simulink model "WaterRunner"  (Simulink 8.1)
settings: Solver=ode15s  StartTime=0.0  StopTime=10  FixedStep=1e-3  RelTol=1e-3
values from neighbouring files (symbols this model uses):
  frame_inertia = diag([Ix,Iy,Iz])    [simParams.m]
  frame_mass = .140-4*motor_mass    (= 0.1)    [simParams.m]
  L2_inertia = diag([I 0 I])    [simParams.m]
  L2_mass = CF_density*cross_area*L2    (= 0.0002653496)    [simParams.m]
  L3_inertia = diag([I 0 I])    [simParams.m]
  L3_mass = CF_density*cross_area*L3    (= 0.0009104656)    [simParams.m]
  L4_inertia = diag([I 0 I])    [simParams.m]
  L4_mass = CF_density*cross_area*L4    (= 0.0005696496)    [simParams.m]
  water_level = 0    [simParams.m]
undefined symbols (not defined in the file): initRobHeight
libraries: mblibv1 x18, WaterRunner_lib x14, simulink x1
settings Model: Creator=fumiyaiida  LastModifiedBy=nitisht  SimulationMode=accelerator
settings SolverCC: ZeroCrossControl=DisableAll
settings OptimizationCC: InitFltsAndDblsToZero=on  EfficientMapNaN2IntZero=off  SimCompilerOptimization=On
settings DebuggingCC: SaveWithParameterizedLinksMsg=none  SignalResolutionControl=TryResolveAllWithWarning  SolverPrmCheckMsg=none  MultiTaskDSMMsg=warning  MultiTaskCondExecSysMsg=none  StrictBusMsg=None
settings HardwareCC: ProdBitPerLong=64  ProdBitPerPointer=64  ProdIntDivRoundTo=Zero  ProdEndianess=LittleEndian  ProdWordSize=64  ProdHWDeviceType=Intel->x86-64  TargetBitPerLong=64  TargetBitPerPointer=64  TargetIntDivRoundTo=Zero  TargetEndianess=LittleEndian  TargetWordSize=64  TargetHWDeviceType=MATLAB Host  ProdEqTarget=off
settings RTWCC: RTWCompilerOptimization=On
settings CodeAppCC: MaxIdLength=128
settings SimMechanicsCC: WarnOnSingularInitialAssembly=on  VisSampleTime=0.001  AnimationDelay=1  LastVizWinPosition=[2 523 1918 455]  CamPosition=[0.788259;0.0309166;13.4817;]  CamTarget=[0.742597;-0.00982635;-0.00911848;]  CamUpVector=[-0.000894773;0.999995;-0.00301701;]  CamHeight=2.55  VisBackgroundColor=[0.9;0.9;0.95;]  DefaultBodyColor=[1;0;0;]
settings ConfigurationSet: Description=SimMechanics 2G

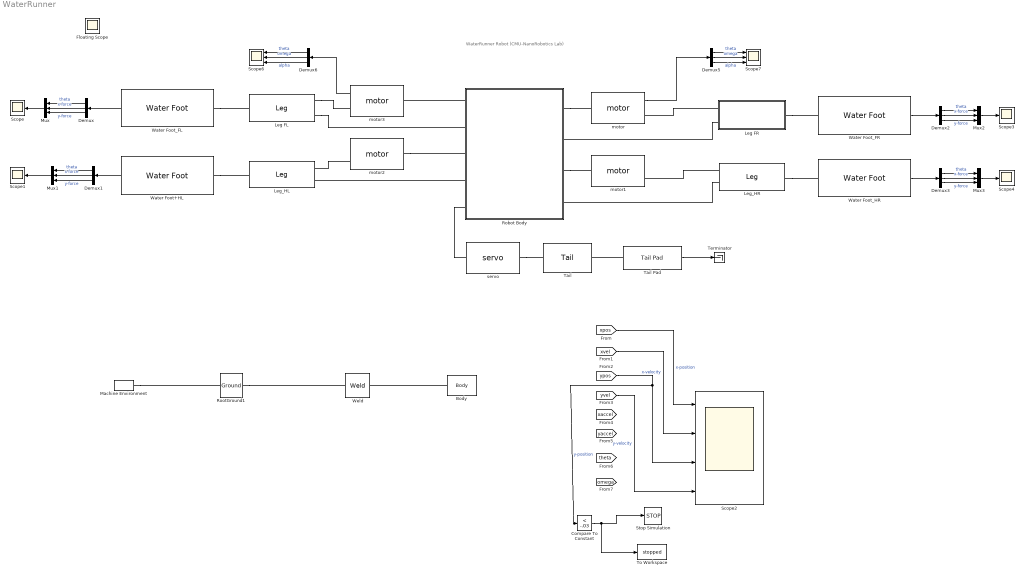
== system WaterRunner ==
  note: WaterRunner Robot
      | (CMU-NanoRobotics Lab)
  Body : mblibv1/Bodies/Body  LConnTagsString=CG  UpdateFromCAD=off  DialogClass=MechanicalBodyBlock  Mass=1  MassUnits=kg  InertiaUnits=kg*m^2  Inertia=eye(3)  Shape=Cylinder  ShapeDims=[1 1]  ShapeUnits=m  ShapeUse=false  Density=1  DensityUnits=kg/m^3  DensityUse=false  GraphicsMode=CONVHULL  BodyColorSelMode=COLORPALETTE  BodyColor=[0.83137 0.81569 0.78431]  AttachedToCS=CG  CG=Left$CG$[0 0 0]$WORLD$WORLD$m$[0 0 0]$Euler X-Y-Z$deg$WORLD$true$none  WorkingFrames=Left$CS1$[-0.5 water_level -0.2 ]$CG$CG$m$[0 0 0]$Euler X-Y-Z$deg$WORLD$false$none#Left$CS2$[-0.5 water_level 0.2 ]$CG$CG$m$[0 0 0]$Euler X-Y-Z$deg$WORLD$false$none#Left$CS3$[4 water_level -0.2 ]$CG$CG$m$[0 0 0]$Euler X-Y-Z$deg$WORLD$false$none#Left$CS4$[4 water_level 0.2 ]$CG$CG$m$[0 0 0]$Euler X-Y-Z$deg$WORLD$false$none  CGPos=[0 0 0]  CGRot=[0 0 0]  CS0Pos=[]  CS0Rot=[]  CS1Pos=[-0.5 water_level -0.2 ]  CS1Rot=[0 0 0]  CS2Pos=[-0.5 water_level 0.2 ]  CS2Rot=[0 0 0]  CS3Pos=[4 water_level -0.2 ]  CS3Rot=[0 0 0]  CS4Pos=[4 water_level 0.2 ]  CS4Rot=[0 0 0]  CS5Pos=[]  CS5Rot=[]  CS6Pos=[]  CS6Rot=[]  CS7Pos=[]  CS7Rot=[]  CS8Pos=[]  CS8Rot=[]  CS9Pos=[]  CS9Rot=[]  CS10Pos=[]  CS10Rot=[]  CS11Pos=[]  CS11Rot=[]  CS12Pos=[]  CS12Rot=[]  CS13Pos=[]  CS13Rot=[]  CS14Pos=[]  CS14Rot=[]  CS15Pos=[]  CS15Rot=[]  CS16Pos=[]  CS16Rot=[]  CS17Pos=[]  CS17Rot=[]  CS18Pos=[]  CS18Rot=[]  CS19Pos=[]  CS19Rot=[]  CS20Pos=[]  CS20Rot=[]
  Compare To Constant : simulink/Logic and Bit Operations/Compare To Constant  relop=<  const=-.03  OutDataTypeStr=boolean
  Demux{,1..3,5..6} (6 alike) : Demux  Outputs=3
  Leg FL : WaterRunner_lib/Leg
  Leg FR : Subsystem  AncestorBlock=WaterRunner_lib/Leg
      mask help: mask for leg
  Leg_HL : WaterRunner_lib/Leg
  Leg_HR : WaterRunner_lib/Leg
  Machine Environment : mblibv1/Bodies/Machine Environment  PortType=env  PhysicalDomain=Mechanical  DialogTemplateClass=MECH.MachineEnvironment  SyncWhenCopied=off  Gravity=[0 -9.81 0]  GravityUnits=m/s^2  GravityAsSignal=off  Dimensionality=Auto-detect  AnalysisType=Forward dynamics  LinearAssemblyTolerance=1e-3  LinearAssemblyToleranceUnits=m  AngularAssemblyTolerance=1e-3  AngularAssemblyToleranceUnits=rad  ConstraintSolverType=Stabilizing  ConstraintRelTolerance=1e-4  ConstraintAbsTolerance=1e-4  UseRobustSingularityHandling=off  RedundancyAnalysisToleranceType=Automatically select tolerance  RedundancyAnalysisTolerance=1e-14  StatePerturbationType=Fixed  PerturbationSize=1e-5  VisualizeMachine=on  BodyVisualizationType=Use model default body geometries  BodyColorSelMode=Use model default  DefaultBodyColor=[1 0 0]
  Mux{,1..3} (4 alike) : Mux  Inputs=3
  Robot Body : Subsystem  AncestorBlock=WaterRunner_lib/Robot Body  mask{initRobHeight=initRobHeight}
      mask prompts: initRobHeight "height"
  RootGround1 : mblibv1/Bodies/Ground  UpdateFromCAD=on  LeftPortType=env  RightPortType=workingframe  PhysicalDomain=Mechanical  DialogClass=GroundBlock  CoordPosition=[0 0 0]  CoordPositionUnits=m  StateVectorMgrId=-1  MachineId=[0 0]  ShowEnvPort=on
  Scope{,1,3..4} (4 alike) : Scope
      Scope settings: ShowLegends=on  TimeRange=2  YMin=-2.5  YMax=2  SaveName=FootForce_FL
      Scope1 settings: ShowLegends=on  TimeRange=2  YMin=-2.5  YMax=2  SaveName=FootForce_HL
      Scope3 settings: ShowLegends=on  TimeRange=2  YMin=-2.5  YMax=2  SaveName=FootForce_FR
      Scope4 settings: ShowLegends=on  TimeRange=2  YMin=-2.5  YMax=2  SaveName=FootForce_HR
  Scope2 : Scope  NumInputPorts=4
      settings: ShowLegends=on  TimeRange=10  YMin=-0.5~0~-0.005~-0.2  YMax=3~2.5~0.035~0.4  SaveName=position
  Scope6 : Scope  NumInputPorts=3
      settings: TimeRange=2  YMin=-20~-90~-50000  YMax=-2.5~0~30000  SaveName=MotorMotion1
  Scope7 : Scope  NumInputPorts=3
      settings: TimeRange=2  YMin=-17.5~-90~-70000  YMax=0~0~30000  SaveName=MotorMotion
  Stop Simulation : Stop
  Tail : WaterRunner_lib/Tail
  Tail Pad : WaterRunner_lib/Tail Pad
  Terminator : Terminator
  To Workspace : ToWorkspace  VariableName=stopped  SampleTime=-1  SaveFormat=Timeseries
  Water Foot+HL : WaterRunner_lib/Water Foot
  Water Foot_FL : WaterRunner_lib/Water Foot
  Water Foot_FR : WaterRunner_lib/Water Foot
  Water Foot_HR : WaterRunner_lib/Water Foot
  Weld : mblibv1/Joints/Weld  LConnTagsString=__newl0  RConnTagsString=__newr0  UpdateFromCAD=off  NumSAPorts=0  CutJoint=off  MarkAsCut=off  Primitives=weld  PrimitiveProps=W$WORLD$[0 0 0]$weld  DialogClass=JointBlock  WAxis=[0 0 0]
  motor : WaterRunner_lib/motor  variableName=work_FR  ic_angle=0
  motor1 : WaterRunner_lib/motor  variableName=work_HR  ic_angle=pi
  motor2 : WaterRunner_lib/motor  variableName=work_HL  ic_angle=0
  motor3 : WaterRunner_lib/motor  variableName=work_FL  ic_angle=pi
  servo : WaterRunner_lib/servo  tail_angle=tail_angle  VariableName=work_tail
  Floating Scope : Scope
      settings: Floating=on
  wires:
  Water Foot_FL/1 -> Demux/1
  Demux/1 -> Mux/1  "theta"
  Demux/2 -> Mux/2  "x-force"
  Demux/3 -> Mux/3  "y-force"
  Mux/1 -> Scope/1
  [ypos] -> Scope2/3, Compare To Constant/1  "y-position"
  Water Foot+HL/1 -> Demux1/1
  Demux1/1 -> Mux1/1  "theta"
  Demux1/2 -> Mux1/2  "x-force"
  Demux1/3 -> Mux1/3  "y-force"
  Mux1/1 -> Scope1/1
  Mux2/1 -> Scope3/1
  Demux2/3 -> Mux2/3  "y-force"
  Demux2/2 -> Mux2/2  "x-force"
  Demux2/1 -> Mux2/1  "theta"
  Water Foot_FR/1 -> Demux2/1
  Mux3/1 -> Scope4/1
  Demux3/3 -> Mux3/3  "y-force"
  Demux3/2 -> Mux3/2  "x-force"
  Demux3/1 -> Mux3/1  "theta"
  Water Foot_HR/1 -> Demux3/1
  Compare To Constant/1 -> Stop Simulation/1, To Workspace/1
  Demux5/3 -> Scope7/3  "alpha"
  Demux5/2 -> Scope7/2  "omega"
  Demux5/1 -> Scope7/1  "theta"
  motor/1 -> Demux5/1
  Demux6/3 -> Scope6/3  "alpha"
  Demux6/2 -> Scope6/2  "omega"
  Demux6/1 -> Scope6/1  "theta"
  motor3/1 -> Demux6/1
  Tail Pad/1 -> Terminator/1
  [xpos] -> Scope2/1  "x-position"
  [xvel] -> Scope2/2  "x-velocity"
  [yvel] -> Scope2/4  "y-velocity"
  connections:
  RootGround1/RConn1 -- Weld/LConn1
  Body/LConn1 -- Weld/RConn1
  Robot Body/RConn1 -- motor/LConn1
  Leg FR/LConn2 -- Robot Body/RConn2
  Leg FR/LConn1 -- motor/RConn1
  Robot Body/RConn3 -- motor1/LConn1
  Leg_HR/LConn1 -- motor1/RConn1
  Leg_HR/LConn2 -- Robot Body/RConn4
  Water Foot+HL/LConn1 -- Leg_HL/RConn1
  Water Foot_FL/LConn1 -- Leg FL/RConn1
  Robot Body/LConn4 -- Leg_HL/LConn2
  Leg FR/RConn1 -- Water Foot_FR/LConn1
  Leg_HR/RConn1 -- Water Foot_HR/LConn1
  Robot Body/LConn1 -- motor3/LConn1
  motor2/RConn1 -- Leg_HL/LConn1
  motor2/LConn1 -- Robot Body/LConn3
  Leg FL/LConn2 -- Robot Body/LConn2
  Machine Environment/RConn1 -- RootGround1/LConn1
  Leg FL/LConn1 -- motor3/RConn1
  Robot Body/LConn5 -- servo/LConn1
  servo/RConn1 -- Tail/LConn1
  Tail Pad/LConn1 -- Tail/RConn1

___

--- About this task ---
For every line of the data above that contains "AncestorBlock", copy that line.

--- Answer below ---
  Leg FR : Subsystem  AncestorBlock=WaterRunner_lib/Leg
  Robot Body : Subsystem  AncestorBlock=WaterRunner_lib/Robot Body  mask{initRobHeight=initRobHeight}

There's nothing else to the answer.